One way for companies to avoid problems with new software is through extensive volume and quality testing, an area where Department 56 apparently fell short. In a project of this size, testing means taking and placing the order, reporting that the order was shipped and sending an invoice. Then you make sure that 25 users can do those tasks simultaneously while others run inventory reports or conduct other business tasks. In March 1998, Department 56 did preliminary software testing at J.D. Edwards. While there, the company alleges that Poehling didn't participate in the tests and later stopped attending update meetings and cooperating with others on the job.

Apparently, Poehling's disappearing act, if it really happened as Department 56 says over the next nine months, didn't strike Department 56 as cause for concern.

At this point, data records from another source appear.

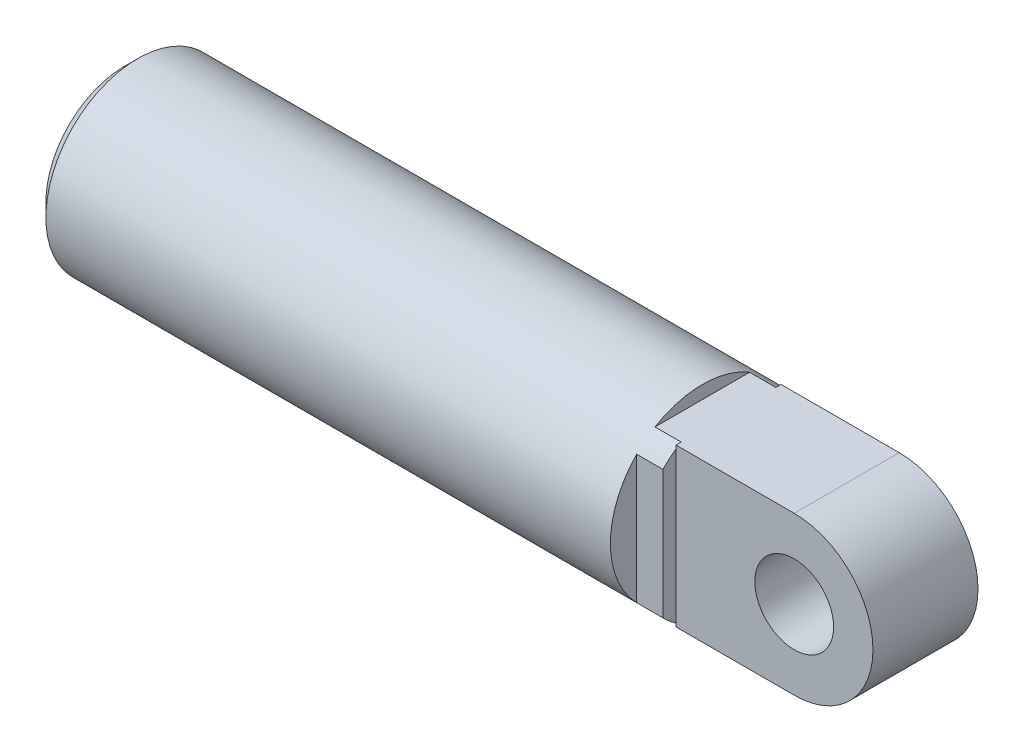
ISO-10303-21;
HEADER;
FILE_DESCRIPTION(('STEP AP214'),'2;1');
FILE_NAME('part.step','',(''),(''),'','','');
FILE_SCHEMA(('AUTOMOTIVE_DESIGN { 1 0 10303 214 1 1 1 1 }'));
ENDSEC;
DATA;
#1=APPLICATION_CONTEXT('core data for automotive mechanical design processes');
#2=APPLICATION_PROTOCOL_DEFINITION('international standard','automotive_design',2000,#1);
#3=PRODUCT_CONTEXT('',#1,'mechanical');
#4=PRODUCT('Part','Part','',(#3));
#5=PRODUCT_RELATED_PRODUCT_CATEGORY('part','',(#4));
#6=PRODUCT_DEFINITION_FORMATION('','',#4);
#7=PRODUCT_DEFINITION_CONTEXT('part definition',#1,'design');
#8=PRODUCT_DEFINITION('design','',#6,#7);
#9=PRODUCT_DEFINITION_SHAPE('','',#8);
#10=(LENGTH_UNIT() NAMED_UNIT(*) SI_UNIT(.MILLI.,.METRE.));
#11=(NAMED_UNIT(*) PLANE_ANGLE_UNIT() SI_UNIT($,.RADIAN.));
#12=(NAMED_UNIT(*) SI_UNIT($,.STERADIAN.) SOLID_ANGLE_UNIT());
#13=UNCERTAINTY_MEASURE_WITH_UNIT(LENGTH_MEASURE(1.E-05),#10,'distance_accuracy_value','');
#14=(GEOMETRIC_REPRESENTATION_CONTEXT(3) GLOBAL_UNCERTAINTY_ASSIGNED_CONTEXT((#13)) GLOBAL_UNIT_ASSIGNED_CONTEXT((#10,
#11,#12)) REPRESENTATION_CONTEXT('',''));
#15=CARTESIAN_POINT('',(0.,0.,0.));
#16=DIRECTION('',(0.,0.,1.));
#17=DIRECTION('',(1.,0.,0.));
#18=AXIS2_PLACEMENT_3D('',#15,#16,#17);
#19=CARTESIAN_POINT('',(46.,0.,0.));
#20=DIRECTION('',(1.,0.,0.));
#21=DIRECTION('',(0.,0.,-1.));
#22=AXIS2_PLACEMENT_3D('',#19,#20,#21);
#23=PLANE('',#22);
#24=CARTESIAN_POINT('',(46.,0.,0.));
#25=DIRECTION('',(1.,0.,0.));
#26=DIRECTION('',(0.,0.,-1.));
#27=AXIS2_PLACEMENT_3D('',#24,#25,#26);
#28=CIRCLE('',#27,7.);
#29=CARTESIAN_POINT('',(46.,4.89897948556636,-5.));
#30=VERTEX_POINT('',#29);
#31=CARTESIAN_POINT('',(46.,5.74456264653803,-4.));
#32=VERTEX_POINT('',#31);
#33=EDGE_CURVE('E210',#30,#32,#28,.T.);
#34=ORIENTED_EDGE('',*,*,#33,.T.);
#35=DIRECTION('',(0.,-1.,0.));
#36=VECTOR('',#35,1.);
#37=CARTESIAN_POINT('',(46.,-6.,-4.));
#38=LINE('',#37,#36);
#39=CARTESIAN_POINT('',(46.,-5.74456264653803,-4.));
#40=VERTEX_POINT('',#39);
#41=EDGE_CURVE('E187',#32,#40,#38,.T.);
#42=ORIENTED_EDGE('',*,*,#41,.T.);
#43=CARTESIAN_POINT('',(46.,0.,0.));
#44=DIRECTION('',(1.,0.,0.));
#45=DIRECTION('',(0.,0.,-1.));
#46=AXIS2_PLACEMENT_3D('',#43,#44,#45);
#47=CIRCLE('',#46,7.);
#48=CARTESIAN_POINT('',(46.,-4.89897948556636,-5.));
#49=VERTEX_POINT('',#48);
#50=EDGE_CURVE('E208',#40,#49,#47,.T.);
#51=ORIENTED_EDGE('',*,*,#50,.T.);
#52=DIRECTION('',(0.,1.,0.));
#53=VECTOR('',#52,1.);
#54=CARTESIAN_POINT('',(46.,-4.89897948556636,-5.));
#55=LINE('',#54,#53);
#56=EDGE_CURVE('E207',#49,#30,#55,.T.);
#57=ORIENTED_EDGE('',*,*,#56,.T.);
#58=EDGE_LOOP('',(#34,#42,#51,#57));
#59=FACE_BOUND('',#58,.T.);
#60=ADVANCED_FACE('F41',(#59),#23,.T.);
#61=CARTESIAN_POINT('',(44.,0.,0.));
#62=DIRECTION('',(1.,0.,0.));
#63=DIRECTION('',(0.,0.,-1.));
#64=AXIS2_PLACEMENT_3D('',#61,#62,#63);
#65=PLANE('',#64);
#66=DIRECTION('',(0.,0.,-1.));
#67=VECTOR('',#66,1.);
#68=CARTESIAN_POINT('',(44.,-6.,3.60555127546399));
#69=LINE('',#68,#67);
#70=CARTESIAN_POINT('',(44.,-6.,3.60555127546399));
#71=VERTEX_POINT('',#70);
#72=CARTESIAN_POINT('',(44.,-6.,-3.60555127546399));
#73=VERTEX_POINT('',#72);
#74=EDGE_CURVE('E230',#71,#73,#69,.T.);
#75=ORIENTED_EDGE('',*,*,#74,.F.);
#76=CARTESIAN_POINT('',(44.,0.,0.));
#77=DIRECTION('',(1.,0.,0.));
#78=DIRECTION('',(0.,0.,-1.));
#79=AXIS2_PLACEMENT_3D('',#76,#77,#78);
#80=CIRCLE('',#79,7.);
#81=EDGE_CURVE('E257',#71,#73,#80,.T.);
#82=ORIENTED_EDGE('',*,*,#81,.T.);
#83=EDGE_LOOP('',(#75,#82));
#84=FACE_BOUND('',#83,.T.);
#85=ADVANCED_FACE('F326',(#84),#65,.T.);
#86=DIRECTION('',(0.,-1.,0.));
#87=VECTOR('',#86,1.);
#88=CARTESIAN_POINT('',(44.,-4.89897948556636,5.));
#89=LINE('',#88,#87);
#90=CARTESIAN_POINT('',(44.,4.89897948556636,5.));
#91=VERTEX_POINT('',#90);
#92=CARTESIAN_POINT('',(44.,-4.89897948556636,5.));
#93=VERTEX_POINT('',#92);
#94=EDGE_CURVE('E227',#91,#93,#89,.T.);
#95=ORIENTED_EDGE('',*,*,#94,.F.);
#96=EDGE_CURVE('E301',#91,#93,#80,.T.);
#97=ORIENTED_EDGE('',*,*,#96,.T.);
#98=EDGE_LOOP('',(#95,#97));
#99=FACE_BOUND('',#98,.T.);
#100=ADVANCED_FACE('F332',(#99),#65,.T.);
#101=DIRECTION('',(0.,0.,1.));
#102=VECTOR('',#101,1.);
#103=CARTESIAN_POINT('',(44.,6.,3.60555127546399));
#104=LINE('',#103,#102);
#105=CARTESIAN_POINT('',(44.,6.,-3.60555127546399));
#106=VERTEX_POINT('',#105);
#107=CARTESIAN_POINT('',(44.,6.,3.60555127546399));
#108=VERTEX_POINT('',#107);
#109=EDGE_CURVE('E224',#106,#108,#104,.T.);
#110=ORIENTED_EDGE('',*,*,#109,.F.);
#111=EDGE_CURVE('E258',#106,#108,#80,.T.);
#112=ORIENTED_EDGE('',*,*,#111,.T.);
#113=EDGE_LOOP('',(#110,#112));
#114=FACE_BOUND('',#113,.T.);
#115=ADVANCED_FACE('F305',(#114),#65,.T.);
#116=CARTESIAN_POINT('',(44.,0.,0.));
#117=DIRECTION('',(-1.,0.,0.));
#118=DIRECTION('',(0.,0.,1.));
#119=AXIS2_PLACEMENT_3D('',#116,#117,#118);
#120=CYLINDRICAL_SURFACE('',#119,7.);
#121=CARTESIAN_POINT('',(1.00000000000001,0.,0.));
#122=DIRECTION('',(1.,0.,0.));
#123=DIRECTION('',(0.,0.,-1.));
#124=AXIS2_PLACEMENT_3D('',#121,#122,#123);
#125=CIRCLE('',#124,7.);
#126=CARTESIAN_POINT('',(1.00000000000001,0.,-7.));
#127=VERTEX_POINT('',#126);
#128=EDGE_CURVE('E50',#127,#127,#125,.T.);
#129=ORIENTED_EDGE('',*,*,#128,.T.);
#130=EDGE_LOOP('',(#129));
#131=FACE_BOUND('',#130,.T.);
#132=ORIENTED_EDGE('',*,*,#111,.F.);
#133=DIRECTION('',(-1.,0.,0.));
#134=VECTOR('',#133,1.);
#135=CARTESIAN_POINT('',(46.,6.,-3.60555127546399));
#136=LINE('',#135,#134);
#137=CARTESIAN_POINT('',(46.,6.,-3.60555127546399));
#138=VERTEX_POINT('',#137);
#139=EDGE_CURVE('E247',#138,#106,#136,.T.);
#140=ORIENTED_EDGE('',*,*,#139,.F.);
#141=EDGE_CURVE('E65',#32,#138,#28,.T.);
#142=ORIENTED_EDGE('',*,*,#141,.F.);
#143=ORIENTED_EDGE('',*,*,#33,.F.);
#144=DIRECTION('',(-1.,0.,0.));
#145=VECTOR('',#144,1.);
#146=CARTESIAN_POINT('',(46.,4.89897948556636,-5.));
#147=LINE('',#146,#145);
#148=CARTESIAN_POINT('',(44.,4.89897948556636,-5.));
#149=VERTEX_POINT('',#148);
#150=EDGE_CURVE('E250',#30,#149,#147,.T.);
#151=ORIENTED_EDGE('',*,*,#150,.T.);
#152=CARTESIAN_POINT('',(44.,-4.89897948556636,-5.));
#153=VERTEX_POINT('',#152);
#154=EDGE_CURVE('E256',#153,#149,#80,.T.);
#155=ORIENTED_EDGE('',*,*,#154,.F.);
#156=DIRECTION('',(-1.,0.,0.));
#157=VECTOR('',#156,1.);
#158=CARTESIAN_POINT('',(46.,-4.89897948556636,-5.));
#159=LINE('',#158,#157);
#160=EDGE_CURVE('E253',#49,#153,#159,.T.);
#161=ORIENTED_EDGE('',*,*,#160,.F.);
#162=ORIENTED_EDGE('',*,*,#50,.F.);
#163=CARTESIAN_POINT('',(46.,-6.,-3.60555127546399));
#164=VERTEX_POINT('',#163);
#165=EDGE_CURVE('E204',#164,#40,#47,.T.);
#166=ORIENTED_EDGE('',*,*,#165,.F.);
#167=DIRECTION('',(-1.,0.,0.));
#168=VECTOR('',#167,1.);
#169=CARTESIAN_POINT('',(46.,-6.,-3.60555127546399));
#170=LINE('',#169,#168);
#171=EDGE_CURVE('E221',#164,#73,#170,.T.);
#172=ORIENTED_EDGE('',*,*,#171,.T.);
#173=ORIENTED_EDGE('',*,*,#81,.F.);
#174=DIRECTION('',(-1.,0.,0.));
#175=VECTOR('',#174,1.);
#176=CARTESIAN_POINT('',(46.,-6.,3.60555127546399));
#177=LINE('',#176,#175);
#178=CARTESIAN_POINT('',(46.,-6.,3.60555127546399));
#179=VERTEX_POINT('',#178);
#180=EDGE_CURVE('E235',#179,#71,#177,.T.);
#181=ORIENTED_EDGE('',*,*,#180,.F.);
#182=CARTESIAN_POINT('',(46.,0.,0.));
#183=DIRECTION('',(1.,0.,0.));
#184=DIRECTION('',(0.,0.,-1.));
#185=AXIS2_PLACEMENT_3D('',#182,#183,#184);
#186=CIRCLE('',#185,7.);
#187=CARTESIAN_POINT('',(46.,-5.74456264653803,4.));
#188=VERTEX_POINT('',#187);
#189=EDGE_CURVE('E218',#188,#179,#186,.T.);
#190=ORIENTED_EDGE('',*,*,#189,.F.);
#191=CARTESIAN_POINT('',(46.,-4.89897948556636,5.));
#192=VERTEX_POINT('',#191);
#193=EDGE_CURVE('E219',#192,#188,#186,.T.);
#194=ORIENTED_EDGE('',*,*,#193,.F.);
#195=DIRECTION('',(-1.,0.,0.));
#196=VECTOR('',#195,1.);
#197=CARTESIAN_POINT('',(46.,-4.89897948556636,5.));
#198=LINE('',#197,#196);
#199=EDGE_CURVE('E238',#192,#93,#198,.T.);
#200=ORIENTED_EDGE('',*,*,#199,.T.);
#201=ORIENTED_EDGE('',*,*,#96,.F.);
#202=DIRECTION('',(-1.,0.,0.));
#203=VECTOR('',#202,1.);
#204=CARTESIAN_POINT('',(46.,4.89897948556636,5.));
#205=LINE('',#204,#203);
#206=CARTESIAN_POINT('',(46.,4.89897948556636,5.));
#207=VERTEX_POINT('',#206);
#208=EDGE_CURVE('E241',#207,#91,#205,.T.);
#209=ORIENTED_EDGE('',*,*,#208,.F.);
#210=CARTESIAN_POINT('',(46.,0.,0.));
#211=DIRECTION('',(1.,0.,0.));
#212=DIRECTION('',(0.,0.,-1.));
#213=AXIS2_PLACEMENT_3D('',#210,#211,#212);
#214=CIRCLE('',#213,7.);
#215=CARTESIAN_POINT('',(46.,5.74456264653803,4.));
#216=VERTEX_POINT('',#215);
#217=EDGE_CURVE('E212',#216,#207,#214,.T.);
#218=ORIENTED_EDGE('',*,*,#217,.F.);
#219=CARTESIAN_POINT('',(46.,6.,3.60555127546399));
#220=VERTEX_POINT('',#219);
#221=EDGE_CURVE('E213',#220,#216,#214,.T.);
#222=ORIENTED_EDGE('',*,*,#221,.F.);
#223=DIRECTION('',(-1.,0.,0.));
#224=VECTOR('',#223,1.);
#225=CARTESIAN_POINT('',(46.,6.,3.60555127546399));
#226=LINE('',#225,#224);
#227=EDGE_CURVE('E244',#220,#108,#226,.T.);
#228=ORIENTED_EDGE('',*,*,#227,.T.);
#229=EDGE_LOOP('',(#132,#140,#142,#143,#151,#155,#161,#162,#166,#172,#173,#181,#190,#194,#200,
#201,#209,#218,#222,#228));
#230=FACE_BOUND('',#229,.T.);
#231=ADVANCED_FACE('F298',(#131,#230),#120,.T.);
#232=DIRECTION('',(0.,1.,0.));
#233=VECTOR('',#232,1.);
#234=CARTESIAN_POINT('',(44.,-4.89897948556636,-5.));
#235=LINE('',#234,#233);
#236=EDGE_CURVE('E203',#153,#149,#235,.T.);
#237=ORIENTED_EDGE('',*,*,#236,.F.);
#238=ORIENTED_EDGE('',*,*,#154,.T.);
#239=EDGE_LOOP('',(#237,#238));
#240=FACE_BOUND('',#239,.T.);
#241=ADVANCED_FACE('F334',(#240),#65,.T.);
#242=CARTESIAN_POINT('',(0.,0.,0.));
#243=DIRECTION('',(1.,0.,0.));
#244=DIRECTION('',(0.,0.,-1.));
#245=AXIS2_PLACEMENT_3D('',#242,#243,#244);
#246=PLANE('',#245);
#247=CARTESIAN_POINT('',(0.,0.,0.));
#248=DIRECTION('',(1.,0.,0.));
#249=DIRECTION('',(0.,0.,-1.));
#250=AXIS2_PLACEMENT_3D('',#247,#248,#249);
#251=CIRCLE('',#250,5.99999999999999);
#252=CARTESIAN_POINT('',(0.,0.,-5.99999999999999));
#253=VERTEX_POINT('',#252);
#254=EDGE_CURVE('E11',#253,#253,#251,.F.);
#255=ORIENTED_EDGE('',*,*,#254,.T.);
#256=EDGE_LOOP('',(#255));
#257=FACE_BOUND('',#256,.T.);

In its lawsuit, Department 56 says it came as "a complete surprise" when Poehling admitted that the warehouse component was not ready for testing before the January 1999 "go live" deadline.

Whether Poehling lacked the expertise to complete the software installation or simply didn't do the work required—or whether something else altogether happened—is impossible to determine from the outside. In its lawsuit, Department 56 claimed that although Andersen promised two of its more senior employees would be responsible for "ensuring overall quality and satisfaction," on the project, neither did any work on it.

Poehling, who still works at Arthur Andersen, could not be reached for comment. Arthur Andersen rejected Baseline's requests for an interview. Because January and February are typically slow months when little merchandise is shipped, Department 56 says it heeded Andersen's advice and took the system live in January 1999. If problems occurred, they were assured they could be fixed during that time. By one account, Department 56's Engel pressured Arthur Andersen to get the system up and running. "She said, 'We've got to go online,' " according to one former lawyer for the company. "Then they were at the point of no return. They pushed it through. They were panicked."